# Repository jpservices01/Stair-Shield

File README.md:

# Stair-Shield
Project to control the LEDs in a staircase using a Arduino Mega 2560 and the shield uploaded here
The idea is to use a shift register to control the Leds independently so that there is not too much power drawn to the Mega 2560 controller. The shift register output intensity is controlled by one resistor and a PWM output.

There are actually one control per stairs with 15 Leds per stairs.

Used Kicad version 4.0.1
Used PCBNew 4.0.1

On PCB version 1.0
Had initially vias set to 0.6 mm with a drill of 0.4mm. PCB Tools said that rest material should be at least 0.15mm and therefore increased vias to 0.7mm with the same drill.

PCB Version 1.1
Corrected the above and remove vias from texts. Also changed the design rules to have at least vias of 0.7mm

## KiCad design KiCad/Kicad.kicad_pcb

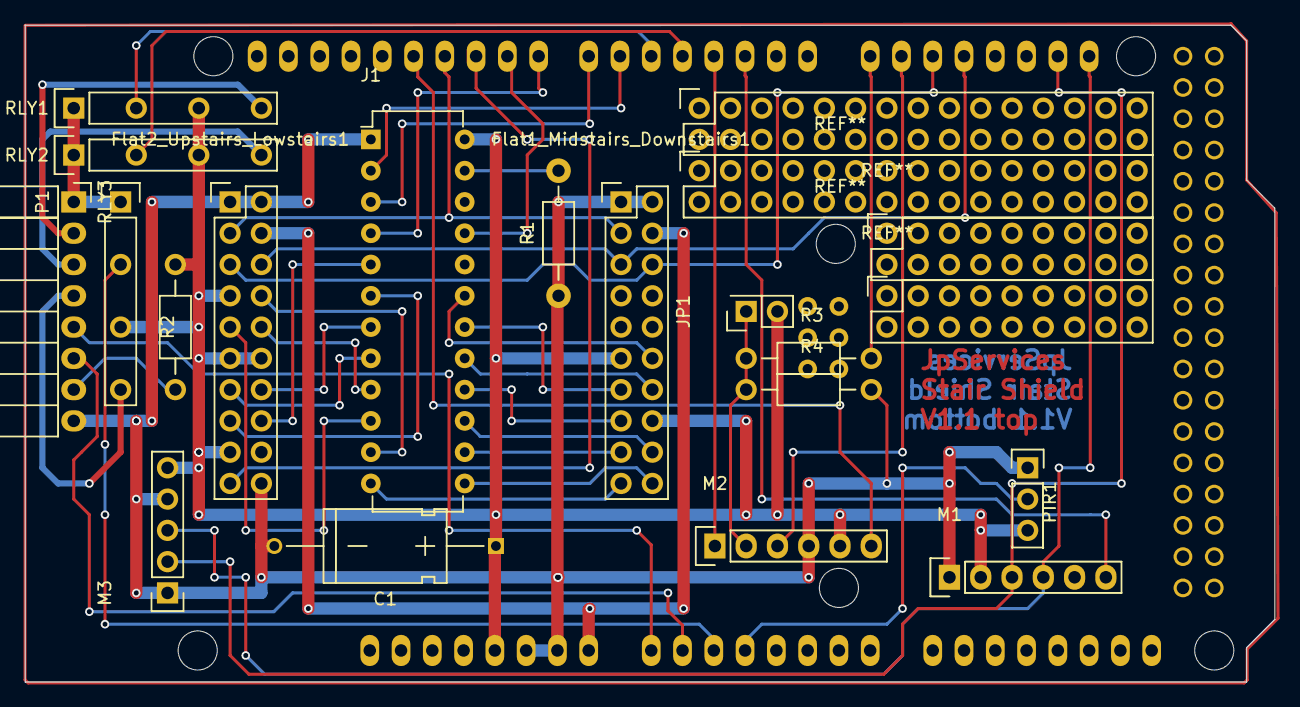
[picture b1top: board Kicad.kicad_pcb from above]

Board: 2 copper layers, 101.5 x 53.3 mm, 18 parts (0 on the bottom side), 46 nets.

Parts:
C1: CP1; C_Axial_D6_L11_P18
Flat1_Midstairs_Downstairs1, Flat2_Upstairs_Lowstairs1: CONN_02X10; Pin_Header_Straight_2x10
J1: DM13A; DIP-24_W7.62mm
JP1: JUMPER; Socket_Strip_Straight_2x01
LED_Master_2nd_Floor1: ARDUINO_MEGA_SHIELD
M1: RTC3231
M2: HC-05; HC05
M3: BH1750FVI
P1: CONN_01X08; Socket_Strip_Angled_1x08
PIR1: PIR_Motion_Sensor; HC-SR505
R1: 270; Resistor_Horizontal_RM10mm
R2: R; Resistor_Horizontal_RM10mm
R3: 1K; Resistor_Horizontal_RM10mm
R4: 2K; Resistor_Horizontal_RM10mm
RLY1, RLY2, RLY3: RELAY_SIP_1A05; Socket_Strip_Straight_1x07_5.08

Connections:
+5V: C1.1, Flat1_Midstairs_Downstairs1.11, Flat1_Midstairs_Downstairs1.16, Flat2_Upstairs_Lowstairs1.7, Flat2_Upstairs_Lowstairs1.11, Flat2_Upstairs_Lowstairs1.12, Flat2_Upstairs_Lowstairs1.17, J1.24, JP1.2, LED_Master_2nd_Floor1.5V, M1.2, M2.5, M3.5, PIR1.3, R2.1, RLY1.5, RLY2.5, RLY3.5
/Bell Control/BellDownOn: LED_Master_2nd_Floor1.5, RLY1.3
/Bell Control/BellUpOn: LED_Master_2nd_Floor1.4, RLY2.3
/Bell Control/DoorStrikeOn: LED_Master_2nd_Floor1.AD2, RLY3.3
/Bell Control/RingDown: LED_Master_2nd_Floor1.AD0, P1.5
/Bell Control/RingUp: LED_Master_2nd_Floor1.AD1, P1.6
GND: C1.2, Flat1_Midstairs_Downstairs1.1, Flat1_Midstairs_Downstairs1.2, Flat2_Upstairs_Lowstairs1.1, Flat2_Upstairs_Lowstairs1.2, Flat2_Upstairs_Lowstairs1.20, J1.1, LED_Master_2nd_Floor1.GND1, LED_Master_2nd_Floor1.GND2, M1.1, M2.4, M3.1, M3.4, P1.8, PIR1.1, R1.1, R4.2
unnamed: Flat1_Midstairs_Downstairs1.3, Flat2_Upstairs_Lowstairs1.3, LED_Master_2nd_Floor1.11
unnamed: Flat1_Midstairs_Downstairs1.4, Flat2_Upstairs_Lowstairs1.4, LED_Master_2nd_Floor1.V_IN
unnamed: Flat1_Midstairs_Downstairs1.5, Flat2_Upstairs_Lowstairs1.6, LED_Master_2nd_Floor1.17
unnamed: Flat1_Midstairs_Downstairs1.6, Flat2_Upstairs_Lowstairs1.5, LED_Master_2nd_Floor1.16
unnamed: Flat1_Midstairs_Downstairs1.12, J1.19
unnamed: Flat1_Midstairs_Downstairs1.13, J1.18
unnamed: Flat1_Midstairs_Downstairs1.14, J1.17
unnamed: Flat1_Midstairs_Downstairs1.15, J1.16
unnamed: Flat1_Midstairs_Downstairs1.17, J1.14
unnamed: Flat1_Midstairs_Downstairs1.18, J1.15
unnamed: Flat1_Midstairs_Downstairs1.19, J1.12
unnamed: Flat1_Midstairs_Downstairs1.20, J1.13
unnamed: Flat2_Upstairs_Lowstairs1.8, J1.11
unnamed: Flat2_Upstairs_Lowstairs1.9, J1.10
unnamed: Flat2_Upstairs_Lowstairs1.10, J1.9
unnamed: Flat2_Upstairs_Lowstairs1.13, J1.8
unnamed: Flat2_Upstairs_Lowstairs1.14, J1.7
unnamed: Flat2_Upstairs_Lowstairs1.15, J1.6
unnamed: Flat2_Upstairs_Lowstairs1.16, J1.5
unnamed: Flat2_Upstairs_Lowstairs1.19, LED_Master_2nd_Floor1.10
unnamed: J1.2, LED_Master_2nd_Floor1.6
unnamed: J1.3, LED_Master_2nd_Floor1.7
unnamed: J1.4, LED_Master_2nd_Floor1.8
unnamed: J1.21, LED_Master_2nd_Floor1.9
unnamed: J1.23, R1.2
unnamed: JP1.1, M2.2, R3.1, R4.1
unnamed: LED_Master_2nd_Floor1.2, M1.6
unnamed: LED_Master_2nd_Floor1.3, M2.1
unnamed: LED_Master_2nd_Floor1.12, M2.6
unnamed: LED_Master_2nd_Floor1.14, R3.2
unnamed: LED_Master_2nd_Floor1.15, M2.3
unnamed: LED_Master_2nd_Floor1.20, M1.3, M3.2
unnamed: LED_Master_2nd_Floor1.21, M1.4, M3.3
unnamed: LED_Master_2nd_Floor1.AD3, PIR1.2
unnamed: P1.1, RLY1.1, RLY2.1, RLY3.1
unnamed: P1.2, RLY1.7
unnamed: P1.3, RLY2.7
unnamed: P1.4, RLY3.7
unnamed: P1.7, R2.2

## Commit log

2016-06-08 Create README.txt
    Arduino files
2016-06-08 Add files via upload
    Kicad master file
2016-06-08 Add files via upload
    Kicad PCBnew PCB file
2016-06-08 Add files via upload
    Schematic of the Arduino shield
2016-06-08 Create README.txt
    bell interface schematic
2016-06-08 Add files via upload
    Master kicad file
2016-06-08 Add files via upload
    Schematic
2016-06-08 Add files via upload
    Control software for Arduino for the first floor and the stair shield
___
- Problem description -
Exact reproduction of the entries above is required, with pictures excluded.

- Reply -
# Repository jpservices01/Stair-Shield

File README.md:

# Stair-Shield
Project to control the LEDs in a staircase using a Arduino Mega 2560 and the shield uploaded here
The idea is to use a shift register to control the Leds independently so that there is not too much power drawn to the Mega 2560 controller. The shift register output intensity is controlled by one resistor and a PWM output.

There are actually one control per stairs with 15 Leds per stairs.

Used Kicad version 4.0.1
Used PCBNew 4.0.1

On PCB version 1.0
Had initially vias set to 0.6 mm with a drill of 0.4mm. PCB Tools said that rest material should be at least 0.15mm and therefore increased vias to 0.7mm with the same drill.

PCB Version 1.1
Corrected the above and remove vias from texts. Also changed the design rules to have at least vias of 0.7mm

## KiCad design KiCad/Kicad.kicad_pcb

[picture b1top: board Kicad.kicad_pcb from above]

Board: 2 copper layers, 101.5 x 53.3 mm, 18 parts (0 on the bottom side), 46 nets.

Parts:
C1: CP1; C_Axial_D6_L11_P18
Flat1_Midstairs_Downstairs1, Flat2_Upstairs_Lowstairs1: CONN_02X10; Pin_Header_Straight_2x10
J1: DM13A; DIP-24_W7.62mm
JP1: JUMPER; Socket_Strip_Straight_2x01
LED_Master_2nd_Floor1: ARDUINO_MEGA_SHIELD
M1: RTC3231
M2: HC-05; HC05
M3: BH1750FVI
P1: CONN_01X08; Socket_Strip_Angled_1x08
PIR1: PIR_Motion_Sensor; HC-SR505
R1: 270; Resistor_Horizontal_RM10mm
R2: R; Resistor_Horizontal_RM10mm
R3: 1K; Resistor_Horizontal_RM10mm
R4: 2K; Resistor_Horizontal_RM10mm
RLY1, RLY2, RLY3: RELAY_SIP_1A05; Socket_Strip_Straight_1x07_5.08

Connections:
+5V: C1.1, Flat1_Midstairs_Downstairs1.11, Flat1_Midstairs_Downstairs1.16, Flat2_Upstairs_Lowstairs1.7, Flat2_Upstairs_Lowstairs1.11, Flat2_Upstairs_Lowstairs1.12, Flat2_Upstairs_Lowstairs1.17, J1.24, JP1.2, LED_Master_2nd_Floor1.5V, M1.2, M2.5, M3.5, PIR1.3, R2.1, RLY1.5, RLY2.5, RLY3.5
/Bell Control/BellDownOn: LED_Master_2nd_Floor1.5, RLY1.3
/Bell Control/BellUpOn: LED_Master_2nd_Floor1.4, RLY2.3
/Bell Control/DoorStrikeOn: LED_Master_2nd_Floor1.AD2, RLY3.3
/Bell Control/RingDown: LED_Master_2nd_Floor1.AD0, P1.5
/Bell Control/RingUp: LED_Master_2nd_Floor1.AD1, P1.6
GND: C1.2, Flat1_Midstairs_Downstairs1.1, Flat1_Midstairs_Downstairs1.2, Flat2_Upstairs_Lowstairs1.1, Flat2_Upstairs_Lowstairs1.2, Flat2_Upstairs_Lowstairs1.20, J1.1, LED_Master_2nd_Floor1.GND1, LED_Master_2nd_Floor1.GND2, M1.1, M2.4, M3.1, M3.4, P1.8, PIR1.1, R1.1, R4.2
unnamed: Flat1_Midstairs_Downstairs1.3, Flat2_Upstairs_Lowstairs1.3, LED_Master_2nd_Floor1.11
unnamed: Flat1_Midstairs_Downstairs1.4, Flat2_Upstairs_Lowstairs1.4, LED_Master_2nd_Floor1.V_IN
unnamed: Flat1_Midstairs_Downstairs1.5, Flat2_Upstairs_Lowstairs1.6, LED_Master_2nd_Floor1.17
unnamed: Flat1_Midstairs_Downstairs1.6, Flat2_Upstairs_Lowstairs1.5, LED_Master_2nd_Floor1.16
unnamed: Flat1_Midstairs_Downstairs1.12, J1.19
unnamed: Flat1_Midstairs_Downstairs1.13, J1.18
unnamed: Flat1_Midstairs_Downstairs1.14, J1.17
unnamed: Flat1_Midstairs_Downstairs1.15, J1.16
unnamed: Flat1_Midstairs_Downstairs1.17, J1.14
unnamed: Flat1_Midstairs_Downstairs1.18, J1.15
unnamed: Flat1_Midstairs_Downstairs1.19, J1.12
unnamed: Flat1_Midstairs_Downstairs1.20, J1.13
unnamed: Flat2_Upstairs_Lowstairs1.8, J1.11
unnamed: Flat2_Upstairs_Lowstairs1.9, J1.10
unnamed: Flat2_Upstairs_Lowstairs1.10, J1.9
unnamed: Flat2_Upstairs_Lowstairs1.13, J1.8
unnamed: Flat2_Upstairs_Lowstairs1.14, J1.7
unnamed: Flat2_Upstairs_Lowstairs1.15, J1.6
unnamed: Flat2_Upstairs_Lowstairs1.16, J1.5
unnamed: Flat2_Upstairs_Lowstairs1.19, LED_Master_2nd_Floor1.10
unnamed: J1.2, LED_Master_2nd_Floor1.6
unnamed: J1.3, LED_Master_2nd_Floor1.7
unnamed: J1.4, LED_Master_2nd_Floor1.8
unnamed: J1.21, LED_Master_2nd_Floor1.9
unnamed: J1.23, R1.2
unnamed: JP1.1, M2.2, R3.1, R4.1
unnamed: LED_Master_2nd_Floor1.2, M1.6
unnamed: LED_Master_2nd_Floor1.3, M2.1
unnamed: LED_Master_2nd_Floor1.12, M2.6
unnamed: LED_Master_2nd_Floor1.14, R3.2
unnamed: LED_Master_2nd_Floor1.15, M2.3
unnamed: LED_Master_2nd_Floor1.20, M1.3, M3.2
unnamed: LED_Master_2nd_Floor1.21, M1.4, M3.3
unnamed: LED_Master_2nd_Floor1.AD3, PIR1.2
unnamed: P1.1, RLY1.1, RLY2.1, RLY3.1
unnamed: P1.2, RLY1.7
unnamed: P1.3, RLY2.7
unnamed: P1.4, RLY3.7
unnamed: P1.7, R2.2

## Commit log

2016-06-08 Create README.txt
    Arduino files
2016-06-08 Add files via upload
    Kicad master file
2016-06-08 Add files via upload
    Kicad PCBnew PCB file
2016-06-08 Add files via upload
    Schematic of the Arduino shield
2016-06-08 Create README.txt
    bell interface schematic
2016-06-08 Add files via upload
    Master kicad file
2016-06-08 Add files via upload
    Schematic
2016-06-08 Add files via upload
    Control software for Arduino for the first floor and the stair shield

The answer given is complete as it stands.